Assignment:
In the records that follow, the lines from the one containing "Density: 1 g/cm^3" to the one containing "of L0.start L0.end", inclusive, are to be given again exactly.

+++ Listed entries

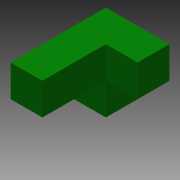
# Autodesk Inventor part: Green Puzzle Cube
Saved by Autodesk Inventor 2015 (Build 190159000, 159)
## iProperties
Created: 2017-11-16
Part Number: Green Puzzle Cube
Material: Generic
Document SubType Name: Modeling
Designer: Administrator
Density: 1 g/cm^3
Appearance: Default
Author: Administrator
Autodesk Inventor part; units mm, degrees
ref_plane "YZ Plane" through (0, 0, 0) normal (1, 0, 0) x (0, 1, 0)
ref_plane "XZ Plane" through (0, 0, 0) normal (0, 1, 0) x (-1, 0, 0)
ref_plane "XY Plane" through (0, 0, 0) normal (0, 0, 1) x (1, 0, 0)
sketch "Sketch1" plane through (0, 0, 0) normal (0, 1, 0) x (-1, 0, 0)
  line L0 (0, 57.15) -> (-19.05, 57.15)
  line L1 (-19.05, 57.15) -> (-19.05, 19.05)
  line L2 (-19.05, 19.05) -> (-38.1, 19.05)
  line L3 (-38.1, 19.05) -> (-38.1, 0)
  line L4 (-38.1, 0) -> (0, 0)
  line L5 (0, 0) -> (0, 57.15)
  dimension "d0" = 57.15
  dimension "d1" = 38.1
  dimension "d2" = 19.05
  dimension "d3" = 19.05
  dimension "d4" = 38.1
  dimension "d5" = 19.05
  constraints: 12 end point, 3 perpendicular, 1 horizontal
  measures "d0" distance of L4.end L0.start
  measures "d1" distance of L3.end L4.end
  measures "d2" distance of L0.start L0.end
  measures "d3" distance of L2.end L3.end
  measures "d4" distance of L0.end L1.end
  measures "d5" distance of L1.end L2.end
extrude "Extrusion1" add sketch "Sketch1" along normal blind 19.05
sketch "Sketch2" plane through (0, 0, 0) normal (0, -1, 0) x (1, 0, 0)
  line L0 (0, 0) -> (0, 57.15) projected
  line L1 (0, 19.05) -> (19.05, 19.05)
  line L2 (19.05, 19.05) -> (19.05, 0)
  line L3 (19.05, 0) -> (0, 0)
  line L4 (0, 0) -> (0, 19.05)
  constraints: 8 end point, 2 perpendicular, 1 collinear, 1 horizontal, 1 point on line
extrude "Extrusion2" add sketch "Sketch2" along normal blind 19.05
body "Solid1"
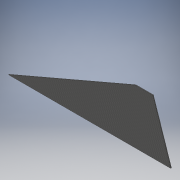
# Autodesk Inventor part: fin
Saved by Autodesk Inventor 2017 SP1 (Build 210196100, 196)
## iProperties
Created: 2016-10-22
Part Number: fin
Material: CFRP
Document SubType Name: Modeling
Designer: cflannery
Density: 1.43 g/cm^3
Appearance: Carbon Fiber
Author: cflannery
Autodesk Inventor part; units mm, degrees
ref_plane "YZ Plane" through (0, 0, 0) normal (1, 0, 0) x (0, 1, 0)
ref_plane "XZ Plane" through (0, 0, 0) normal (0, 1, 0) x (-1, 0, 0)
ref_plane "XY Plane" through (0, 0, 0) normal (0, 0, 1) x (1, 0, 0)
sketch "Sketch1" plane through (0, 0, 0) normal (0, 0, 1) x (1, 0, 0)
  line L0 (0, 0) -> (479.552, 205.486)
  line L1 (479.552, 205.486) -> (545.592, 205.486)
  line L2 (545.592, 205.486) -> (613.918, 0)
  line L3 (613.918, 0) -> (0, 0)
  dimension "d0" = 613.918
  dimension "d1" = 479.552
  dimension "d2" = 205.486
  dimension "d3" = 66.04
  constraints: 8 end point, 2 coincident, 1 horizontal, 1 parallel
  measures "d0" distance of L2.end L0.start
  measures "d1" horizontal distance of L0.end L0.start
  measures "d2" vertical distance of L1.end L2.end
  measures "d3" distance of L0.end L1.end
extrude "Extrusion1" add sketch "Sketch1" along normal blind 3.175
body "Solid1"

++++++

Exercise answer:
Density: 1 g/cm^3
Appearance: Default
Author: Administrator
Autodesk Inventor part; units mm, degrees
ref_plane "YZ Plane" through (0, 0, 0) normal (1, 0, 0) x (0, 1, 0)
ref_plane "XZ Plane" through (0, 0, 0) normal (0, 1, 0) x (-1, 0, 0)
ref_plane "XY Plane" through (0, 0, 0) normal (0, 0, 1) x (1, 0, 0)
sketch "Sketch1" plane through (0, 0, 0) normal (0, 1, 0) x (-1, 0, 0)
  line L0 (0, 57.15) -> (-19.05, 57.15)
  line L1 (-19.05, 57.15) -> (-19.05, 19.05)
  line L2 (-19.05, 19.05) -> (-38.1, 19.05)
  line L3 (-38.1, 19.05) -> (-38.1, 0)
  line L4 (-38.1, 0) -> (0, 0)
  line L5 (0, 0) -> (0, 57.15)
  dimension "d0" = 57.15
  dimension "d1" = 38.1
  dimension "d2" = 19.05
  dimension "d3" = 19.05
  dimension "d4" = 38.1
  dimension "d5" = 19.05
  constraints: 12 end point, 3 perpendicular, 1 horizontal
  measures "d0" distance of L4.end L0.start
  measures "d1" distance of L3.end L4.end
  measures "d2" distance of L0.start L0.end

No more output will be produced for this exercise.